1) Don't know the name of it - 'game board' is lines of dots. You take away dots on your turn. You win if you opponent picks up the last dot.
It's called
Nim, and it has been solved for over a hundred years.
That would be the one.
I know it's been solved (as all simple games of open knowledge have been), but it gives a bit more 'wiggle room' to work with some AI.
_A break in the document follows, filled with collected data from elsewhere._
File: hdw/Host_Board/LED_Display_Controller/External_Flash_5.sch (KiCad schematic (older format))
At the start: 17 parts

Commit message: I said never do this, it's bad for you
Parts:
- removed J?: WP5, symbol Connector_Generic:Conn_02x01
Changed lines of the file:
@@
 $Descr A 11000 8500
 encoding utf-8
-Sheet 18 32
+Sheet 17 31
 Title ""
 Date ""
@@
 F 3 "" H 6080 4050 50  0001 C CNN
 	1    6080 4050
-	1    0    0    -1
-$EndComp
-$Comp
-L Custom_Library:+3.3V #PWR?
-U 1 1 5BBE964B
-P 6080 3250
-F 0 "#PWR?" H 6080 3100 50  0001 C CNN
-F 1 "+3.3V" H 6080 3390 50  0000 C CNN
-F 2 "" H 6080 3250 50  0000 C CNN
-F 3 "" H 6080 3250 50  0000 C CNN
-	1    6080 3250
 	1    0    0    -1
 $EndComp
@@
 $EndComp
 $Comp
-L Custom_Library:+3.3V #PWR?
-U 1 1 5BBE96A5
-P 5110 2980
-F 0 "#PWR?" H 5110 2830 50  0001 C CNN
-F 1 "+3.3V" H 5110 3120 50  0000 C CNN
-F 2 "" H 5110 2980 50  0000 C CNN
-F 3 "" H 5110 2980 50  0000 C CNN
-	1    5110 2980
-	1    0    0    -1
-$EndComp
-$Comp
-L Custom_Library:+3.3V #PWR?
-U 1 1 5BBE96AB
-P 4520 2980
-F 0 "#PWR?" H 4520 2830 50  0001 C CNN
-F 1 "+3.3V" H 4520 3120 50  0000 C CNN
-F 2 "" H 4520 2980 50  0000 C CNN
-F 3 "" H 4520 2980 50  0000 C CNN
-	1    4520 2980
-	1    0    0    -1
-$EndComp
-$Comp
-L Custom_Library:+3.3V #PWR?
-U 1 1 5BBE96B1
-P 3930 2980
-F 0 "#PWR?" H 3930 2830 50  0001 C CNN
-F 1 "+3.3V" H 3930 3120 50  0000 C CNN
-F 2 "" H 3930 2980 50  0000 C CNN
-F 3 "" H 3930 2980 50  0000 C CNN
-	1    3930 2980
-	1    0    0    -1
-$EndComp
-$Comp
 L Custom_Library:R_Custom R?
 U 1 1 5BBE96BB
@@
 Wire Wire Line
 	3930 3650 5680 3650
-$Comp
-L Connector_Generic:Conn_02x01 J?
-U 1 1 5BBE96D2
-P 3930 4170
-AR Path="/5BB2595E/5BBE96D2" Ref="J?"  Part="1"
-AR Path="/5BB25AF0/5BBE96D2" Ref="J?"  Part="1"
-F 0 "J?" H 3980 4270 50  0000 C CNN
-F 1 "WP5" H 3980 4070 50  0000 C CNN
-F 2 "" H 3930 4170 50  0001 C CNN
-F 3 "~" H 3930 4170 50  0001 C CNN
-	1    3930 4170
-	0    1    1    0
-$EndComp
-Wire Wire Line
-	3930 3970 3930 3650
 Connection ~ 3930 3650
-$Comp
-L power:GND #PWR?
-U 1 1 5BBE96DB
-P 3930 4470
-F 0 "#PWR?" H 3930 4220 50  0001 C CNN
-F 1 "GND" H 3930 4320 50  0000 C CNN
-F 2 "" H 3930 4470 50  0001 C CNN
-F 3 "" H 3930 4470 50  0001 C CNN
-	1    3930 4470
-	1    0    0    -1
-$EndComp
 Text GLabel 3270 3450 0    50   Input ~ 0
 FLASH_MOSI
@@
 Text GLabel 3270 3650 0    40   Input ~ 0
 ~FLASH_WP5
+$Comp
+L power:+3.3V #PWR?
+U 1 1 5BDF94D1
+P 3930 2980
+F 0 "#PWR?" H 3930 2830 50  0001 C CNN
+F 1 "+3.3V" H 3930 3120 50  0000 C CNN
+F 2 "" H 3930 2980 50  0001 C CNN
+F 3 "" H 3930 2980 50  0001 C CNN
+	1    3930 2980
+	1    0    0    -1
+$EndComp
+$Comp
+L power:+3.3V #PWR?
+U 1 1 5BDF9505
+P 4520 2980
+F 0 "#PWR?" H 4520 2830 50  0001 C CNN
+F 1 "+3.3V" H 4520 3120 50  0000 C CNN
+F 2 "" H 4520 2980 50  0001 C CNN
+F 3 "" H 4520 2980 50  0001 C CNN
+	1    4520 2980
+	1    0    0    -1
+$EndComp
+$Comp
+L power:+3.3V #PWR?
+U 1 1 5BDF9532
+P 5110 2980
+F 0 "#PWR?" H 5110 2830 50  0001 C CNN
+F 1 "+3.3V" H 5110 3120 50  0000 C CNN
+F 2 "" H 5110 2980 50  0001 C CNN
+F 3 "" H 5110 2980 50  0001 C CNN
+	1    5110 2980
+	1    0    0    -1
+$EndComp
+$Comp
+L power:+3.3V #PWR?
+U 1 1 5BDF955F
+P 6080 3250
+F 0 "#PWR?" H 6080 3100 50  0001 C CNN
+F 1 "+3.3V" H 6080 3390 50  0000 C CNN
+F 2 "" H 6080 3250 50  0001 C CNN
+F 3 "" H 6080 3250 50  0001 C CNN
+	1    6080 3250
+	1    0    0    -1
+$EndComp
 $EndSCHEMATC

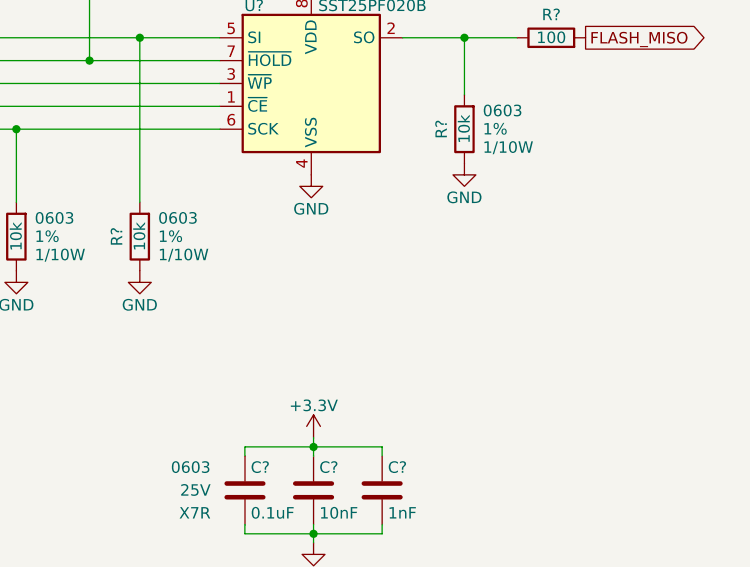
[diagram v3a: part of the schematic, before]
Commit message: Added graphical symbols to certain sheets
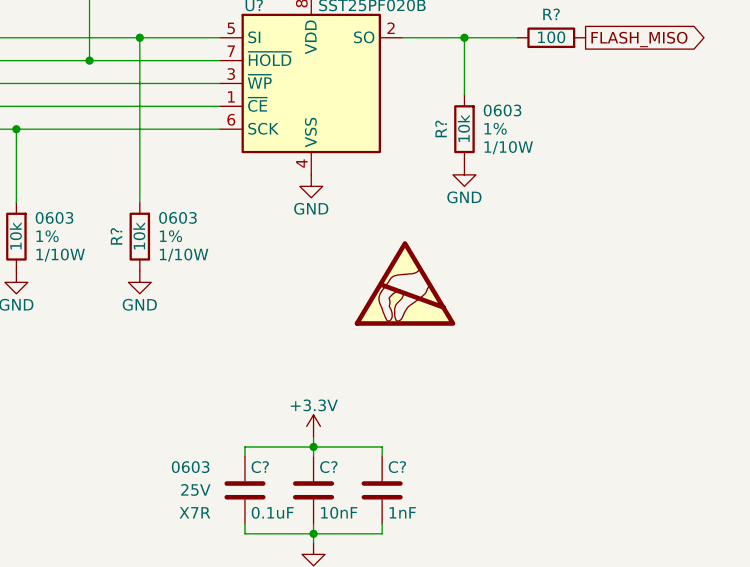
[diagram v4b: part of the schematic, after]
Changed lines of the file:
@@
+	1    0    0    -1
+$EndComp
+$Comp
+L Graphic:SYM_ESD_Large #SYM?
+U 1 1 5C029E51
+P 6490 4500
+AR Path="/5BAAE0FA/5C029E51" Ref="#SYM?"  Part="1"
+AR Path="/5BB182B1/5C029E51" Ref="#SYM?"  Part="1"
+F 0 "#SYM?" H 6490 4700 50  0001 C CNN
+F 1 "SYM_ESD_Large" H 6490 4250 50  0001 C CNN
+F 2 "" H 6485 4470 50  0001 C CNN
+F 3 "~" H 6485 4470 50  0001 C CNN
+	1    6490 4500
 	1    0    0    -1
 $EndComp

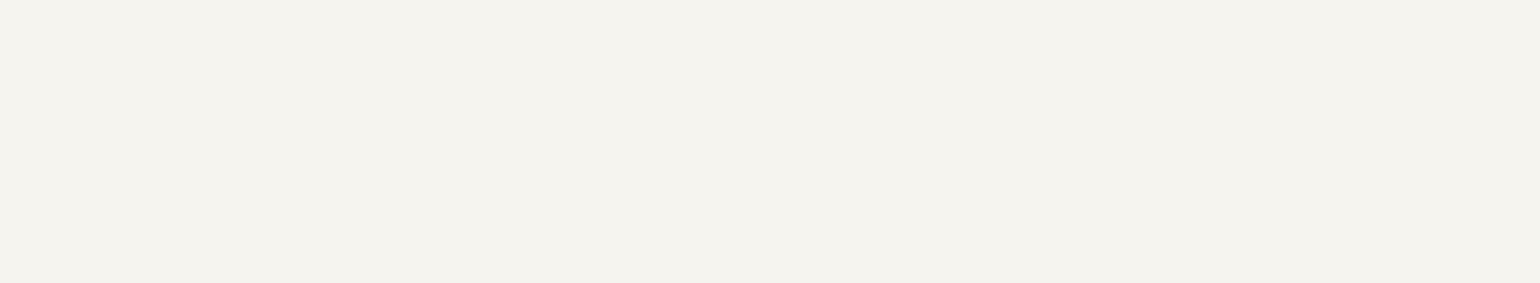
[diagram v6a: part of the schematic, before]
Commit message: Added titles and MU logo to each sheet
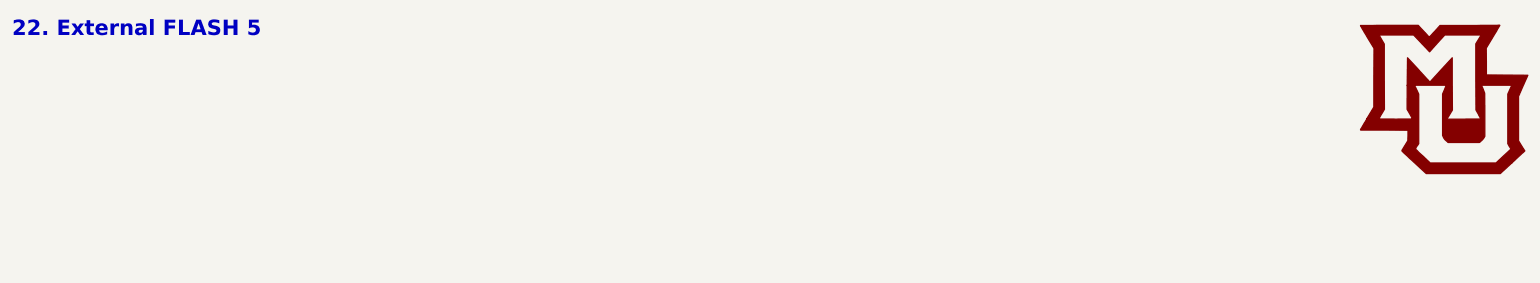
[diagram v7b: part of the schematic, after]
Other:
- note added: "22. External FLASH 5"
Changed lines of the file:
@@
+	1    0    0    -1
+$EndComp
+Text Notes 550  700  0    100  ~ 20
+22. External FLASH 5
+$Comp
+L LED_Display_Local_Library:MU_Logo #G?
+U 1 1 5BFFDE40
+P 9900 1100
+F 0 "#G?" H 9900 614 60  0001 C CNN
+F 1 "MU_Logo" H 9900 1586 60  0001 C CNN
+F 2 "" H 9900 1100 50  0001 C CNN
+F 3 "" H 9900 1100 50  0001 C CNN
+	1    9900 1100
 	1    0    0    -1
 $EndComp

You can slice it, dice it , analyze it six ways from Sunday but there are only nine squares on a Tic-Tac-Toe board. Rotate the matrix and you have exactly three potential opening moves. You have a few more possibilities for moves 2 and 3 (though many will be 'blunders' leading to an instant win by the opponent), but the number is still small. I was substitute teaching a class for a week and we did a brute force solve of tic-tac-toe on the blackboard one day when I was bored (it was a photography class, and I couldn't give them the free rein with equipment they'd normally have - so there was a lot of 'down time'). It's possible we missed a few cases, and we stopped as soon as it was apparent a move was a blunder (no need to keep checking down that path), but I think we got them all.
Something like Nim isn't quite so obviously finite (I know, in reality it is) so I think it would be more fertile ground for developing your own AI algorithm. Especially since not everyone knows the solution - and if you want practice developing an AI, do it for something you don't know the solution for. See how well your AI works, where it falls short, why it loses.
It's the 'pong' thing. Pong games have been written for ever OS there is (probably even for some 'smart toasters'). If you want to start to program games, it's still a good place to start. That's how we learn. When there's a known solution we can check our work against, that's even better (usually), or maybe you make your pong game, then look at others and find three different approaches to solving the same problem - again, a good learning experience.
Tic-Tac-Toe doesn't have that kind of 'room' though: a move is either right or wrong, and clearly so. I'm hesitant to even call it AI: If you can win, play the winning move. If you need to block, block. If there's only one or two squares left, play it (or pick one) - game's a tie at that point. After that you load the matrix, compare it to the matrices in the computers list, iterating over the four rotations, and when you find a match, make the move. Done. The computer will never lose a game.